I had a teacher last year who wrote a six hundred page thesis on that poem. I don't think it's a 1, it's an L (l). The version I have has a capital I above, people often think it's a roman numeral but it's not. The poem reads : I Loneliness (a leaf falls). The leaf being a metaphor for solitude. Brilliant poem, I also love Grasshopper which would be hell to type out on the forum because of its structure.

----------


## Pensive

> Here are some of my favorite poems.....
> 
> Whose woods these are I think I know. 
> His house is in the village though;
> He will not see me stopping here
> To watch his woods fill up with snow.
> 
> My little horse must think it queer
> To stop without a farmhouse near
> ...


I love both of these poems.  :Smile:

----------


## Twisted_Sister

:Smile:  :Smile:  :Smile:  :Smile:  :Smile:  :Smile:  :Smile:

----------


## lavendar1

Here's one by an Iraqi poet I just discovered:

Miracle Maker

I am the magician, agent of lost souls,
the flock and the shepherd,
the dead and the funeral.
I cross the sky to reach earth.
I spoon embers in my palms from the gods' inferno.
And I steal the temple's pearl
from under the pillow of the dying priest
with the fingers of an expert thief.
I am the miracle maker.
I always drink my toast alone 
and I go on my way.
That's me.

-- Fadhil Al-Azzawi

----------


## starless007

Let me not to the marriage of true minds

Admit impediments. Love is not love

Which alters when it alteration finds,

Or bends with the remover to remove:

O no! it is an ever-fixed mark

That looks on tempests and is never shaken;

It is the star to every wandering bark,

Whose worth's unknown, although his height be taken.

Love's not Time's fool, though rosy lips and cheeks

Within his bending sickle's compass come:

Love alters not with his brief hours and weeks,

But bears it out even to the edge of doom.

If this be error and upon me proved,

I never writ, nor no man ever loved.

Mine's this one... It's of Shakespeare's works but it's quite nice...

----------


## mockingbird

New to the site; please don't shoot me down!

My current favourite poems are two by Carol Ann Duffy.

*Anne Hathaway*

'Item I gyve unto my wife my second best bed ...'
(from Shakespeare's will)

The bed we loved in was a spinning world
of forests, castles, torchlight, clifftops, seas
where we would dive for pearls. My lover's words
were shooting stars which fell to earth as kisses
on these lips; my body now a softer rhyme
to his, now echo, assonance; his touch
a verb dancing in the centre of a noun.
Some nights, I dreamed he'd written me, the bed
a page beneath his writer's hands. Romance
and drama played by touch, by scent, by taste.
In the other bed, the best, our guests dozed on,
dribbling their prose.

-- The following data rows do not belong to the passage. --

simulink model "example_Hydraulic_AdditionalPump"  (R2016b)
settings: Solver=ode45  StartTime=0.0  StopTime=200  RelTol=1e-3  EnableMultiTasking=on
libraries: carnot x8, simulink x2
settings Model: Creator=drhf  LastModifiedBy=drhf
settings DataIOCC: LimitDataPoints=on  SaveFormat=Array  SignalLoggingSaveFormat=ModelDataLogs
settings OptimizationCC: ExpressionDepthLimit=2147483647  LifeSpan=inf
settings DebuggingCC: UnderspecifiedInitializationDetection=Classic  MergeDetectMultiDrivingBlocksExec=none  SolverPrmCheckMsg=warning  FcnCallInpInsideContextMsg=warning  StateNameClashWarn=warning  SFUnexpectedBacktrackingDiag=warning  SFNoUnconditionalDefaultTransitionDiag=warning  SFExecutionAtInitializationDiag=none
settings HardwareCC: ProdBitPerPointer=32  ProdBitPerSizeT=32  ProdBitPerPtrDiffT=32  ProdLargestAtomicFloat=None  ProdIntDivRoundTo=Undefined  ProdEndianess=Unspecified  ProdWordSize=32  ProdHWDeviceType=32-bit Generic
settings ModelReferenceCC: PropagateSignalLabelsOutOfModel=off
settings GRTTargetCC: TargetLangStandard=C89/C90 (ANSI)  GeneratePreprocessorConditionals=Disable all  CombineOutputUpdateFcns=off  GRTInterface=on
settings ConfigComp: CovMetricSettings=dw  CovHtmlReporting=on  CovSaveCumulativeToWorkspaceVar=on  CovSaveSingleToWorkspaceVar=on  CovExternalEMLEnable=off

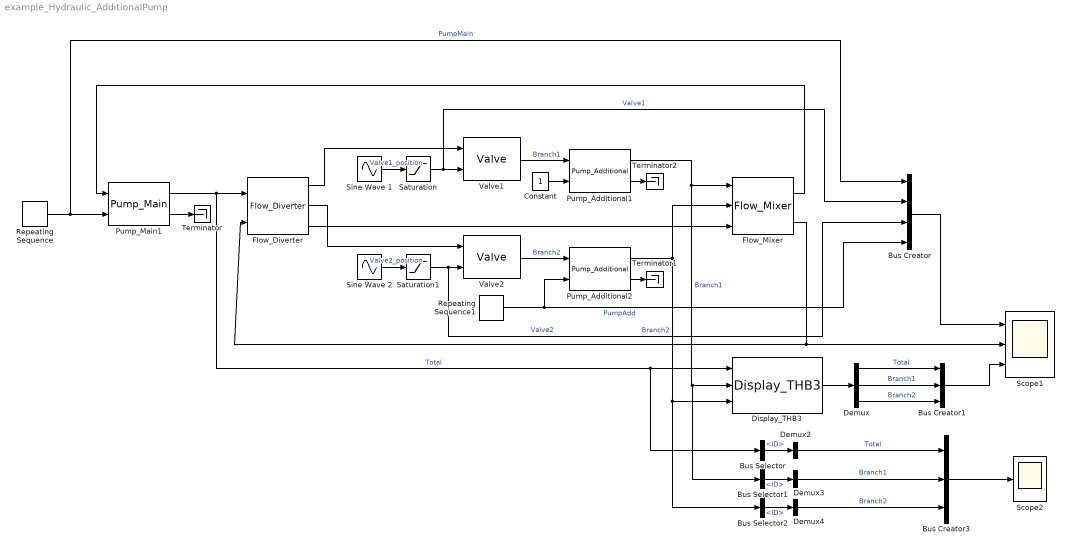
== system example_Hydraulic_AdditionalPump ==
  Bus Creator : BusCreator  Inputs=4
  Bus Creator1 : BusCreator  Inputs=3
  Bus Creator3 : BusCreator  Inputs=3
  Bus Selector : BusSelector  OutputSignals=ID
  Bus Selector1 : BusSelector  OutputSignals=ID
  Bus Selector2 : BusSelector  OutputSignals=ID
  Constant : Constant
  Demux : Demux  Outputs=3
  Demux2 : Demux  Outputs=1
  Demux3 : Demux  Outputs=1
  Demux4 : Demux  Outputs=1
  Display_THB3 : carnot/Outputs/Display_THB3  t=off  m=on  p=off  id=off  mix=off  d=off
  Flow_Diverter : carnot/Hydraulics/Flow_Diverter
  Flow_Mixer : carnot/Hydraulics/Flow_Mixer  t=1
  Pump_Additional1 : carnot/Hydraulics/Pump_Additional  a0=2.0e4  a1=-7000  a2=0 %-3e-3  dia=0.025  t1=1  ua=0  mcp=0  tamb=0
  Pump_Additional2 : carnot/Hydraulics/Pump_Additional  a0=2.0e4  a1=-7000  a2=0 %-3e-3  dia=0.025  t1=1  ua=0  mcp=0  tamb=0
  Pump_Main1 : carnot/Hydraulics/Pump_Main  a0=2.7e4  a1=-1.2e4  a2=0%-3e-3  dia=0.025  t1=5  p0=3e5  IDchk=off  fluid_id=Water  mix=0  ua=1  mcp=500  tamb=20
  Repeating Sequence : simulink/Sources/Repeating Sequence  rep_seq_t=[0 20 60 200]  rep_seq_y=[0 0 1 1]
  Repeating Sequence1 : simulink/Sources/Repeating Sequence  rep_seq_t="[0 80 100  200]"  rep_seq_y=[0 0 1 1]
  Saturation : Saturate  UpperLimit=1  LowerLimit=0
  Saturation1 : Saturate  UpperLimit=1  LowerLimit=0
  Scope1 : Scope  NumInputPorts=3
  Scope2 : Scope
  Sine Wave 1 : Sin  Amplitude=0.6  Bias=0.5  Frequency=1/20  SampleTime=0
  Sine Wave 2 : Sin  Amplitude=0.6  Bias=0.5  Frequency=1/20  Phase=pi  SampleTime=0
  Terminator : Terminator
  Terminator1 : Terminator
  Terminator2 : Terminator
  Valve1 : carnot/Hydraulics/Valve  pos_values=[0 0.1 1]  dp_values=[1e6 1e6 1]
  Valve2 : carnot/Hydraulics/Valve  pos_values=[0 0.1 1]  dp_values=[1e6 1e6 1]
  wires:
  Pump_Additional2/2 -> Terminator1/1
  Pump_Additional1/2 -> Terminator2/1
  Repeating Sequence/1 -> Pump_Main1/2, Bus Creator/1  "PumpMain"
  Pump_Main1/2 -> Terminator/1
  Sine Wave 1/1 -> Saturation/1  "Valve1_position"
  Flow_Diverter/1 -> Valve1/1
  Sine Wave 2/1 -> Saturation1/1  "Valve2_position"
  Flow_Diverter/2 -> Valve2/1
  Flow_Diverter/3 -> Flow_Mixer/3
  Flow_Mixer/2 -> Scope1/2, Flow_Diverter/2
  Flow_Mixer/1 -> Pump_Main1/1
  Bus Creator/1 -> Scope1/1
  Pump_Additional1/1 -> Bus Selector1/1, Display_THB3/2, Flow_Mixer/1  "Branch1"
  Pump_Additional2/1 -> Bus Selector2/1, Display_THB3/3, Flow_Mixer/2  "Branch2"
  Pump_Main1/1 -> Flow_Diverter/1, Bus Selector/1, Display_THB3/1  "Total"
  Display_THB3/1 -> Demux/1
  Demux/1 -> Bus Creator1/1  "Total"
  Demux/2 -> Bus Creator1/2  "Branch1"
  Demux/3 -> Bus Creator1/3  "Branch2"
  Bus Creator1/1 -> Scope1/3
  Saturation/1 -> Bus Creator/2, Valve1/2  "Valve1"
  Saturation1/1 -> Bus Creator/3, Valve2/2  "Valve2"
  Demux2/1 -> Bus Creator3/1  "Total"
  Demux4/1 -> Bus Creator3/3  "Branch2"
  Bus Creator3/1 -> Scope2/1
  Bus Selector/1 -> Demux2/1  "<ID>"
  Bus Selector1/1 -> Demux3/1  "<ID>"
  Demux3/1 -> Bus Creator3/2  "Branch1"
  Bus Selector2/1 -> Demux4/1  "<ID>"
  Valve1/1 -> Pump_Additional1/1  "Branch1"
  Constant/1 -> Pump_Additional1/2
  Valve2/1 -> Pump_Additional2/1  "Branch2"
  Repeating Sequence1/1 -> Bus Creator/4, Pump_Additional2/2  "PumpAdd"

My living laughing love -
I hold him in the casket of my widow's head
as he held me upon that next best bed.

I find that such an interesting, moving poem; it's from a book called The World's Wife where Duffy takes the place of different women overshadowned by "their men" throughout history (I recommend!). This one stands out to me because it's so clever, from the way she writes it in sonnet form to the fabulous metaphors.

I also love...

*Before You Were Mine*

I’m ten years away from the corner you laugh on
with your pals, Maggie McGeeney and Jean Duff.
The three of you bend from the waist, holding
each other, or your knees, and shriek at the pavement.
Your polka-dot dress blows round your legs. Marilyn.

I’m not here yet. The thought of me doesn’t occur
in the ballroom with the thousand eyes, the fizzy, movie tomorrows
the right walk home could bring. I knew you would dance
like that. Before you were mine, your Ma stands at the close
with a hiding for the late one. You reckon it’s worth it.

The decade ahead of my loud, possessive yell was the best one eh?
I remember my hands in those high-heeled red shoes, relics,
And now your ghost clatters toward me over George Square
till I see you, clear as scent, under the tree,
with its lights, and whose small bites on your neck, sweetheart?

_Cha Cha Cha!_ You’d teach me the steps on the way home from mass,
stamping stars from the wrong pavement. Even then
I wanted the bold girl winking in Portobello, somewhere
in Scotland, before I was born. That glamorous love lasts
where you sparkle and waltz and laugh before you were mine
 
I think its beautiful and intelligent; I love the imagery, "the ballroom with a thousand eyes" and "fizzy, movie tomorrows".

Generally I adore the war poets and pre-1914 poetry, most of which I expect people on here will have already read.

----------